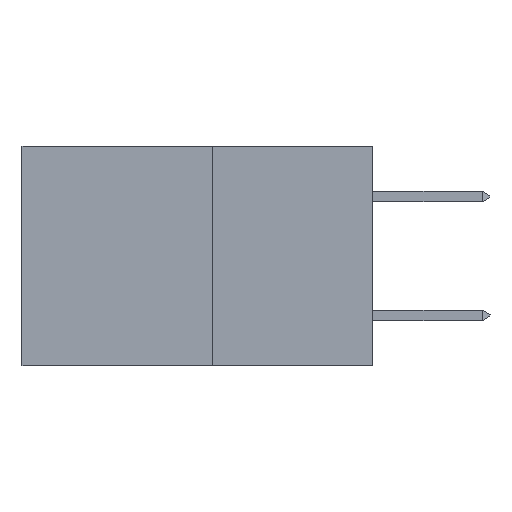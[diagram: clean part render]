
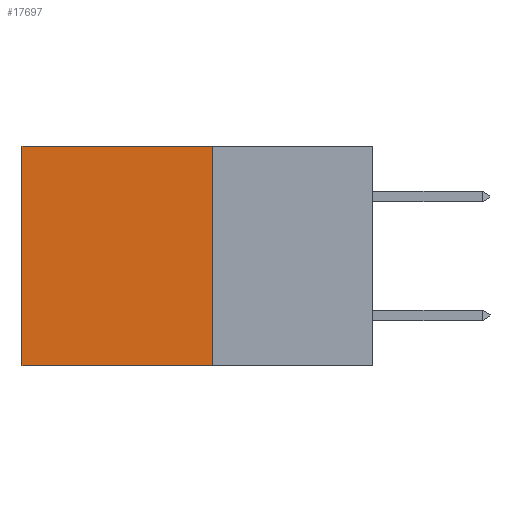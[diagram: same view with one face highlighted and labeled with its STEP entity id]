
A CAD part, left-side view. The second image highlights one B-rep face of the part: STEP entity #17697.
In plain terms, the highlighted planar face has unit normal (-1, 0, 0).
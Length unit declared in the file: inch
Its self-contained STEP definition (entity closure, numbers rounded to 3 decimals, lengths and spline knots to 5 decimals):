
#654 = DIRECTION ( 'NONE',  ( 0., 0., -1. ) ) ;
#1395 = LINE ( 'NONE', #15916, #9617 ) ;
#1442 = DIRECTION ( 'NONE',  ( 0., 1., 0. ) ) ;
#1975 = VERTEX_POINT ( 'NONE', #19926 ) ;
#2556 = ORIENTED_EDGE ( 'NONE', *, *, #16717, .T. ) ;
#2954 = CARTESIAN_POINT ( 'NONE',  ( 0.277, 0.27, -0.37 ) ) ;
#3487 = LINE ( 'NONE', #10654, #15710 ) ;
#3710 = CARTESIAN_POINT ( 'NONE',  ( 0.277, 0.27, -0.37 ) ) ;
#5229 = ORIENTED_EDGE ( 'NONE', *, *, #16136, .F. ) ;
#5554 = VECTOR ( 'NONE', #1442, 39.37008 ) ;
#6731 = VECTOR ( 'NONE', #7862, 39.37008 ) ;
#6872 = AXIS2_PLACEMENT_3D ( 'NONE', #16665, #10517, #654 ) ;
#7589 = VERTEX_POINT ( 'NONE', #9799 ) ;
#7862 = DIRECTION ( 'NONE',  ( 0., 1., 0. ) ) ;
#8849 = ORIENTED_EDGE ( 'NONE', *, *, #15296, .F. ) ;
#9454 = VERTEX_POINT ( 'NONE', #18416 ) ;
#9617 = VECTOR ( 'NONE', #17393, 39.37008 ) ;
#9799 = CARTESIAN_POINT ( 'NONE',  ( 0.277, 0.59, 0. ) ) ;
#10517 = DIRECTION ( 'NONE',  ( 1., 0., 0. ) ) ;
#10654 = CARTESIAN_POINT ( 'NONE',  ( 0.277, 0.27, -0.37 ) ) ;
#11060 = VERTEX_POINT ( 'NONE', #3710 ) ;
#11539 = LINE ( 'NONE', #2954, #6731 ) ;
#12240 = DIRECTION ( 'NONE',  ( 0., 0., -1. ) ) ;
#12924 = ORIENTED_EDGE ( 'NONE', *, *, #14248, .T. ) ;
#14074 = LINE ( 'NONE', #20178, #5554 ) ;
#14248 = EDGE_CURVE ( 'NONE', #1975, #7589, #14074, .T. ) ;
#15178 = PLANE ( 'NONE',  #6872 ) ;
#15296 = EDGE_CURVE ( 'NONE', #1975, #11060, #3487, .T. ) ;
#15710 = VECTOR ( 'NONE', #12240, 39.37008 ) ;
#15916 = CARTESIAN_POINT ( 'NONE',  ( 0.277, 0.59, -0.37 ) ) ;
#16136 = EDGE_CURVE ( 'NONE', #11060, #9454, #11539, .T. ) ;
#16665 = CARTESIAN_POINT ( 'NONE',  ( 0.277, 0.27, -0.37 ) ) ;
#16717 = EDGE_CURVE ( 'NONE', #7589, #9454, #1395, .T. ) ;
#17393 = DIRECTION ( 'NONE',  ( 0., 0., -1. ) ) ;
#17697 = ADVANCED_FACE ( 'NONE', ( #18423 ), #15178, .F. ) ;
#18416 = CARTESIAN_POINT ( 'NONE',  ( 0.277, 0.59, -0.37 ) ) ;
#18423 = FACE_OUTER_BOUND ( 'NONE', #18888, .T. ) ;
#18888 = EDGE_LOOP ( 'NONE', ( #2556, #5229, #8849, #12924 ) ) ;
#19926 = CARTESIAN_POINT ( 'NONE',  ( 0.277, 0.27, 0. ) ) ;
#20178 = CARTESIAN_POINT ( 'NONE',  ( 0.277, 0.27, 0. ) ) ;
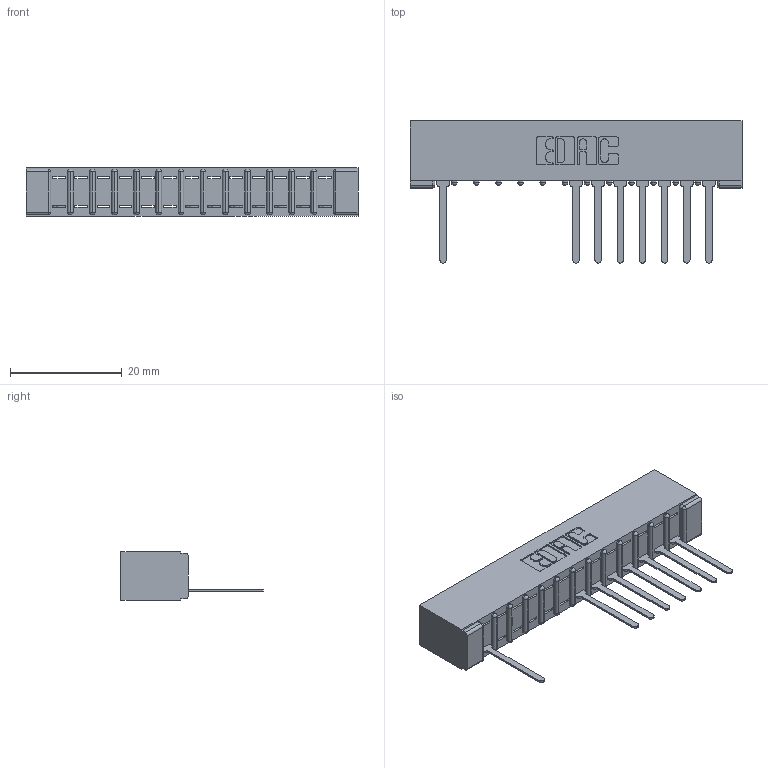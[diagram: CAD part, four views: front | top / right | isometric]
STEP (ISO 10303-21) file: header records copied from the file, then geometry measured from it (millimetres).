
FILE_DESCRIPTION (( 'STEP AP203' ), '1' );
FILE_NAME ('357-013-547-101.STEP', '2018-08-07T22:45:16', ( '' ), ( '' ), 'SwSTEP 2.0', 'SolidWorks 2016', '' );
FILE_SCHEMA (( 'CONFIG_CONTROL_DESIGN' ));
Length unit declared in the file: inch
Products named in the file (3): 307-290-001_547; 357-013-547-101; 307 Part_No Mounting Lugs
Assembly tree (9 placements, depth 2):
  357-013-547-101
    307 Part_No Mounting Lugs
    307-290-001_547  x8
Bounding box: 59.39 x 25.43 x 8.71 mm (x, y, z)
Volume: 3916.4 mm3; surface area: 5715 mm2
Topology: 9 solids, 9 shells, 672 faces, 1915 edges, 1226 vertices
Faces by surface type: plane 422, cylinder 222, sphere 28
Entity records: 14250 total; most frequent: CARTESIAN_POINT 2411, ORIENTED_EDGE 2402, DIRECTION 2355, EDGE_CURVE 1201, VECTOR 911, LINE 911, VERTEX_POINT 778, AXIS2_PLACEMENT_3D 722
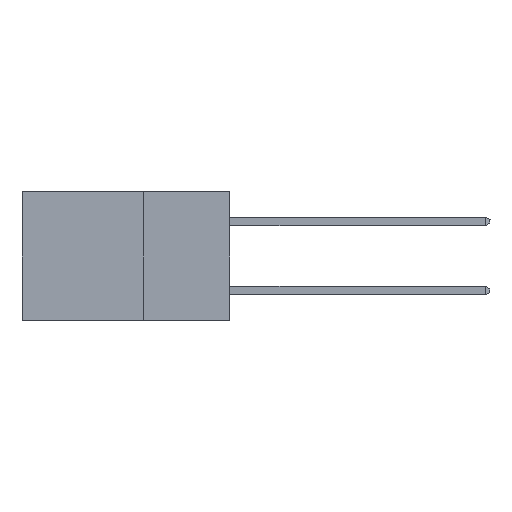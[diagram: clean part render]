
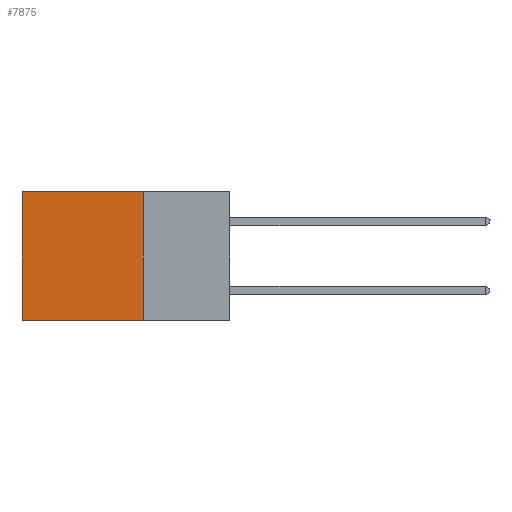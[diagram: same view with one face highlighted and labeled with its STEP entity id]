
A CAD part, left-side view. The second image highlights one B-rep face of the part: STEP entity #7875.
In plain terms, the highlighted planar face has unit normal (-1, 0, 0).
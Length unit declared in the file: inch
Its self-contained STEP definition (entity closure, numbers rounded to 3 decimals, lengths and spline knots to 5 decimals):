
#460 = LINE ( 'NONE', #9466, #5094 ) ;
#644 = EDGE_CURVE ( 'NONE', #2596, #9123, #460, .T. ) ;
#659 = FACE_OUTER_BOUND ( 'NONE', #7520, .T. ) ;
#2128 = VECTOR ( 'NONE', #3455, 39.37008 ) ;
#2392 = VERTEX_POINT ( 'NONE', #11309 ) ;
#2596 = VERTEX_POINT ( 'NONE', #9392 ) ;
#3455 = DIRECTION ( 'NONE',  ( 0., 1., 0. ) ) ;
#3526 = LINE ( 'NONE', #13893, #2128 ) ;
#3637 = LINE ( 'NONE', #10296, #13620 ) ;
#3855 = EDGE_CURVE ( 'NONE', #2596, #2392, #14193, .T. ) ;
#4983 = ORIENTED_EDGE ( 'NONE', *, *, #3855, .T. ) ;
#4994 = CARTESIAN_POINT ( 'NONE',  ( 0.2615, 0.25, 0. ) ) ;
#5094 = VECTOR ( 'NONE', #7259, 39.37008 ) ;
#5118 = CARTESIAN_POINT ( 'NONE',  ( 0.2615, 0.25, -0.37 ) ) ;
#5589 = EDGE_CURVE ( 'NONE', #9123, #14000, #3526, .T. ) ;
#5951 = DIRECTION ( 'NONE',  ( 0., 0., -1. ) ) ;
#6267 = PLANE ( 'NONE',  #9482 ) ;
#7259 = DIRECTION ( 'NONE',  ( 0., 0., -1. ) ) ;
#7520 = EDGE_LOOP ( 'NONE', ( #11835, #13991, #9655, #4983 ) ) ;
#7875 = ADVANCED_FACE ( 'NONE', ( #659 ), #6267, .F. ) ;
#9123 = VERTEX_POINT ( 'NONE', #11555 ) ;
#9392 = CARTESIAN_POINT ( 'NONE',  ( 0.2615, 0.25, 0. ) ) ;
#9466 = CARTESIAN_POINT ( 'NONE',  ( 0.2615, 0.25, -0.37 ) ) ;
#9482 = AXIS2_PLACEMENT_3D ( 'NONE', #5118, #12194, #13321 ) ;
#9655 = ORIENTED_EDGE ( 'NONE', *, *, #644, .F. ) ;
#9943 = EDGE_CURVE ( 'NONE', #2392, #14000, #3637, .T. ) ;
#10296 = CARTESIAN_POINT ( 'NONE',  ( 0.2615, 0.6, -0.37 ) ) ;
#10795 = DIRECTION ( 'NONE',  ( 0., 1., 0. ) ) ;
#11309 = CARTESIAN_POINT ( 'NONE',  ( 0.2615, 0.6, 0. ) ) ;
#11555 = CARTESIAN_POINT ( 'NONE',  ( 0.2615, 0.25, -0.37 ) ) ;
#11835 = ORIENTED_EDGE ( 'NONE', *, *, #9943, .T. ) ;
#12194 = DIRECTION ( 'NONE',  ( 1., 0., 0. ) ) ;
#13310 = VECTOR ( 'NONE', #10795, 39.37008 ) ;
#13321 = DIRECTION ( 'NONE',  ( 0., 0., -1. ) ) ;
#13620 = VECTOR ( 'NONE', #5951, 39.37008 ) ;
#13893 = CARTESIAN_POINT ( 'NONE',  ( 0.2615, 0.25, -0.37 ) ) ;
#13991 = ORIENTED_EDGE ( 'NONE', *, *, #5589, .F. ) ;
#14000 = VERTEX_POINT ( 'NONE', #14619 ) ;
#14193 = LINE ( 'NONE', #4994, #13310 ) ;
#14619 = CARTESIAN_POINT ( 'NONE',  ( 0.2615, 0.6, -0.37 ) ) ;

--- --- ---

*TASK TO COMPLETE*: Search the entries for the word "records". Copy each line where it appears.

*WRITTEN ANSWER*:
STEP (ISO 10303-21) file: header records copied from the file, then geometry measured from it (millimetres).
Entity records: 14250 total; most frequent: CARTESIAN_POINT 2411, ORIENTED_EDGE 2402, DIRECTION 2355, EDGE_CURVE 1201, VECTOR 911, LINE 911, VERTEX_POINT 778, AXIS2_PLACEMENT_3D 722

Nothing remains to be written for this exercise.